§ What to produce
Return all the data below as it stands, minus the pictures.

§ Stored data
____
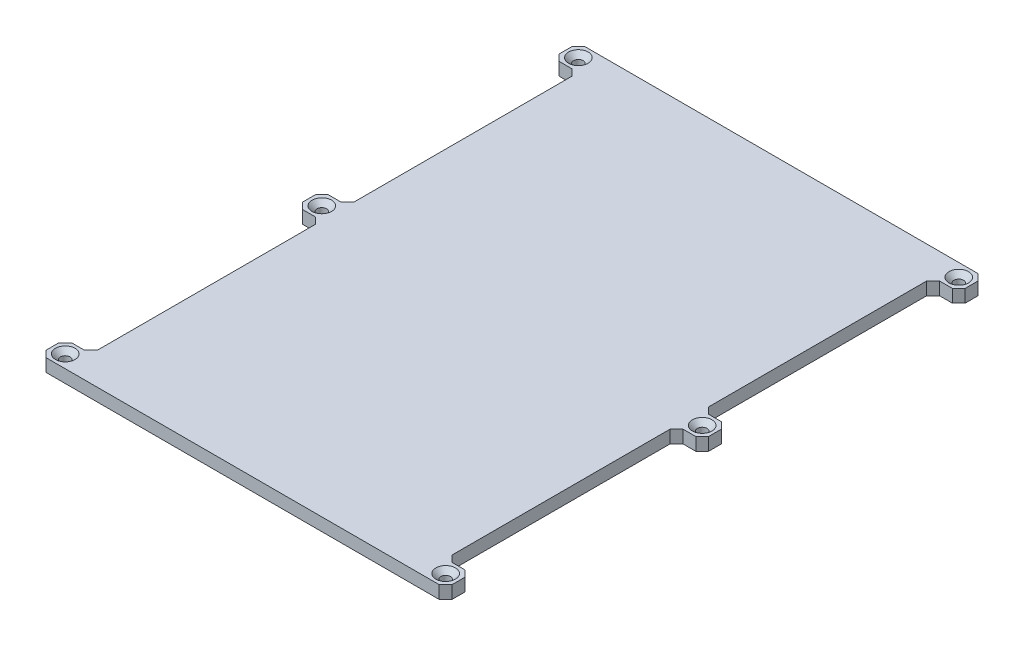
SolidWorks part; units mm, degrees
ref_plane "Front Plane" through (0, 0, 0) normal (0, 0, 1) x (1, 0, 0)
ref_plane "Top Plane" through (0, 0, 0) normal (0, 1, 0) x (1, 0, 0)
ref_plane "Right Plane" through (0, 0, 0) normal (1, 0, 0) x (0, 0, -1)
sketch "Sketch1" plane through (0, 0, 0) normal (0, 1, 0) x (1, 0, 0)
  line L0 (0, 84) -> (110.6, 84) construction
  line L1 (0, 0) -> (110.6, 0)
  line L2 (0, 8) -> (0, 80)
  line L3 (0, 168) -> (110.6, 168)
  line L4 (110.6, 8) -> (110.6, 80)
  line L5 (110.6, 88) -> (110.6, 160)
  line L6 (110.6, 88) -> (118.6, 88)
  line L8 (110.6, 80) -> (118.6, 80)
  line L9 (118.6, 88) -> (118.6, 80)
  line L10 (110.6, 168) -> (118.6, 168)
  line L12 (110.6, 160) -> (118.6, 160)
  line L13 (118.6, 168) -> (118.6, 160)
  line L14 (110.6, 0) -> (118.6, 0)
  line L16 (110.6, 8) -> (118.6, 8)
  line L17 (118.6, 0) -> (118.6, 8)
  line L18 (55.3, 168) -> (55.3, 0) construction
  line L19 (0, 0) -> (-8, 0)
  line L20 (-8, 0) -> (-8, 8)
  line L21 (0, 8) -> (-8, 8)
  line L22 (0, 80) -> (-8, 80)
  line L23 (-8, 88) -> (-8, 80)
  line L24 (0, 88) -> (-8, 88)
  line L25 (0, 160) -> (-8, 160)
  line L26 (-8, 168) -> (-8, 160)
  line L27 (0, 168) -> (-8, 168)
  line L28 (0, 88) -> (0, 160)
  line L29 (0, 124) -> (110.6, 124) construction
  line L30 (0, 44) -> (110.6, 44) construction
  circle A0 centre (114.6, 164) radius 1.5
  circle A1 centre (114.6, 84) radius 1.5
  circle A2 centre (114.6, 4) radius 1.5
  circle A3 centre (-4, 4) radius 1.5
  circle A4 centre (-4, 84) radius 1.5
  circle A5 centre (-4, 164) radius 1.5
  point P32 (114.6, 168)
  point P34 (118.6, 164)
  dimension "D9" = 3
  dimension "D1" = 110.6
  dimension "D2" = 168
  dimension "D3" = 8
  dimension "D4" = 8
  dimension "D5" = 8
  dimension "D6" = 8
  dimension "D7" = 8
  dimension "D8" = 8
extrude "Boss-Extrude1" add sketch "Sketch1" along normal blind 4
chamfer "Chamfer1" distance 2 angle 45 20 edges at (0, 2, -80) (-8, 2, -80) (0, 2, -88) (-8, 2, -88) (0, 2, -8) (-8, 2, -8) (-8, 2, 0) (118.6, 2, 0) (118.6, 2, -8) (110.6, 2, -8) (110.6, 2, -88) (118.6, 2, -88) (118.6, 2, -80) (110.6, 2, -80) (118.6, 2, -168) (118.6, 2, -160) (110.6, 2, -160) (0, 2, -160) (-8, 2, -160) (-8, 2, -168)
chamfer "Chamfer2" distance 1.55 angle 45 6 edges at (114.6, 4, -2.5) (-4, 4, -5.5) (-4, 4, -82.5) (114.6, 4, -85.5) (114.6, 4, -162.5) (-4, 4, -165.5)
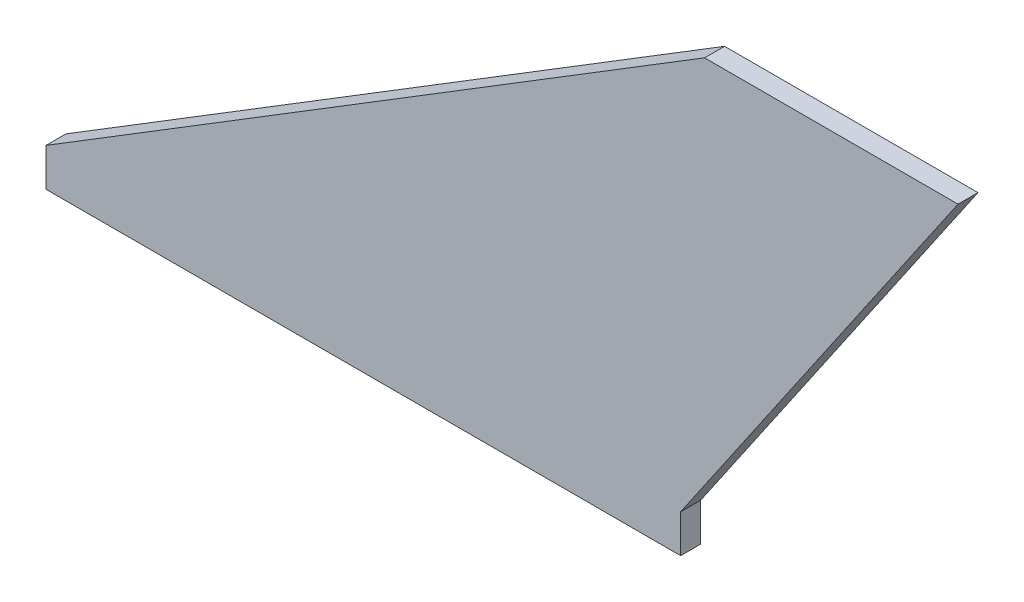
SolidWorks part; units mm, degrees
material "C-Glass Fiber"
ref_plane "Front Plane" through (0, 0, 0) normal (0, 0, 1) x (1, 0, 0)
ref_plane "Top Plane" through (0, 0, 0) normal (0, 1, 0) x (1, 0, 0)
ref_plane "Right Plane" through (0, 0, 0) normal (1, 0, 0) x (0, 0, -1)
sketch "Sketch1" plane through (0, 0, 0) normal (0, 0, 1) x (1, 0, 0)
  line L0 (0, 0) -> (318, 0)
  line L1 (318, 0) -> (318, 19.05)
  line L2 (318, 19.05) -> (457, 222.05)
  line L3 (457, 222.05) -> (330, 222.05)
  line L4 (330, 222.05) -> (0, 19.05)
  line L5 (0, 19.05) -> (0, 0)
  line L6 (0, 19.05) -> (318, 19.05) construction
  dimension "D1" = 318
  dimension "D2" = 19.05
  dimension "D3" = 203
  dimension "D4" = 330
  dimension "D5" = 127
extrude "Boss-Extrude1" add sketch "Sketch1" along normal blind 10
____
§ Result below
SolidWorks part; units mm, degrees
ref_plane "Front Plane" through (0, 0, 0) normal (0, 0, 1) x (1, 0, 0)
ref_plane "Top Plane" through (0, 0, 0) normal (0, 1, 0) x (1, 0, 0)
ref_plane "Right Plane" through (0, 0, 0) normal (1, 0, 0) x (0, 0, -1)
sketch "Sketch1" plane through (0, 0, 0) normal (0, 1, 0) x (1, 0, 0)
  line L0 (0, 84) -> (110.6, 84) construction
  line L1 (0, 0) -> (110.6, 0)
  line L2 (0, 8) -> (0, 80)
  line L3 (0, 168) -> (110.6, 168)
  line L4 (110.6, 8) -> (110.6, 80)
  line L5 (110.6, 88) -> (110.6, 160)
  line L6 (110.6, 88) -> (118.6, 88)
  line L8 (110.6, 80) -> (118.6, 80)
  line L9 (118.6, 88) -> (118.6, 80)
  line L10 (110.6, 168) -> (118.6, 168)
  line L12 (110.6, 160) -> (118.6, 160)
  line L13 (118.6, 168) -> (118.6, 160)
  line L14 (110.6, 0) -> (118.6, 0)
  line L16 (110.6, 8) -> (118.6, 8)
  line L17 (118.6, 0) -> (118.6, 8)
  line L18 (55.3, 168) -> (55.3, 0) construction
  line L19 (0, 0) -> (-8, 0)
  line L20 (-8, 0) -> (-8, 8)
  line L21 (0, 8) -> (-8, 8)
  line L22 (0, 80) -> (-8, 80)
  line L23 (-8, 88) -> (-8, 80)
  line L24 (0, 88) -> (-8, 88)
  line L25 (0, 160) -> (-8, 160)
  line L26 (-8, 168) -> (-8, 160)
  line L27 (0, 168) -> (-8, 168)
  line L28 (0, 88) -> (0, 160)
  line L29 (0, 124) -> (110.6, 124) construction
  line L30 (0, 44) -> (110.6, 44) construction
  circle A0 centre (114.6, 164) radius 1.5
  circle A1 centre (114.6, 84) radius 1.5
  circle A2 centre (114.6, 4) radius 1.5
  circle A3 centre (-4, 4) radius 1.5
  circle A4 centre (-4, 84) radius 1.5
  circle A5 centre (-4, 164) radius 1.5
  point P32 (114.6, 168)
  point P34 (118.6, 164)
  dimension "D9" = 3
  dimension "D1" = 110.6
  dimension "D2" = 168
  dimension "D3" = 8
  dimension "D4" = 8
  dimension "D5" = 8
  dimension "D6" = 8
  dimension "D7" = 8
  dimension "D8" = 8
extrude "Boss-Extrude1" add sketch "Sketch1" along normal blind 4
chamfer "Chamfer1" distance 2 angle 45 20 edges at (0, 2, -80) (-8, 2, -80) (0, 2, -88) (-8, 2, -88) (0, 2, -8) (-8, 2, -8) (-8, 2, 0) (118.6, 2, 0) (118.6, 2, -8) (110.6, 2, -8) (110.6, 2, -88) (118.6, 2, -88) (118.6, 2, -80) (110.6, 2, -80) (118.6, 2, -168) (118.6, 2, -160) (110.6, 2, -160) (0, 2, -160) (-8, 2, -160) (-8, 2, -168)
chamfer "Chamfer2" distance 1.55 angle 45 6 edges at (114.6, 4, -2.5) (-4, 4, -5.5) (-4, 4, -82.5) (114.6, 4, -85.5) (114.6, 4, -162.5) (-4, 4, -165.5)
SolidWorks part; units mm, degrees
material "C-Glass Fiber"
ref_plane "Front Plane" through (0, 0, 0) normal (0, 0, 1) x (1, 0, 0)
ref_plane "Top Plane" through (0, 0, 0) normal (0, 1, 0) x (1, 0, 0)
ref_plane "Right Plane" through (0, 0, 0) normal (1, 0, 0) x (0, 0, -1)
sketch "Sketch1" plane through (0, 0, 0) normal (0, 0, 1) x (1, 0, 0)
  line L0 (0, 0) -> (318, 0)
  line L1 (318, 0) -> (318, 19.05)
  line L2 (318, 19.05) -> (457, 222.05)
  line L3 (457, 222.05) -> (330, 222.05)
  line L4 (330, 222.05) -> (0, 19.05)
  line L5 (0, 19.05) -> (0, 0)
  line L6 (0, 19.05) -> (318, 19.05) construction
  dimension "D1" = 318
  dimension "D2" = 19.05
  dimension "D3" = 203
  dimension "D4" = 330
  dimension "D5" = 127
extrude "Boss-Extrude1" add sketch "Sketch1" along normal blind 10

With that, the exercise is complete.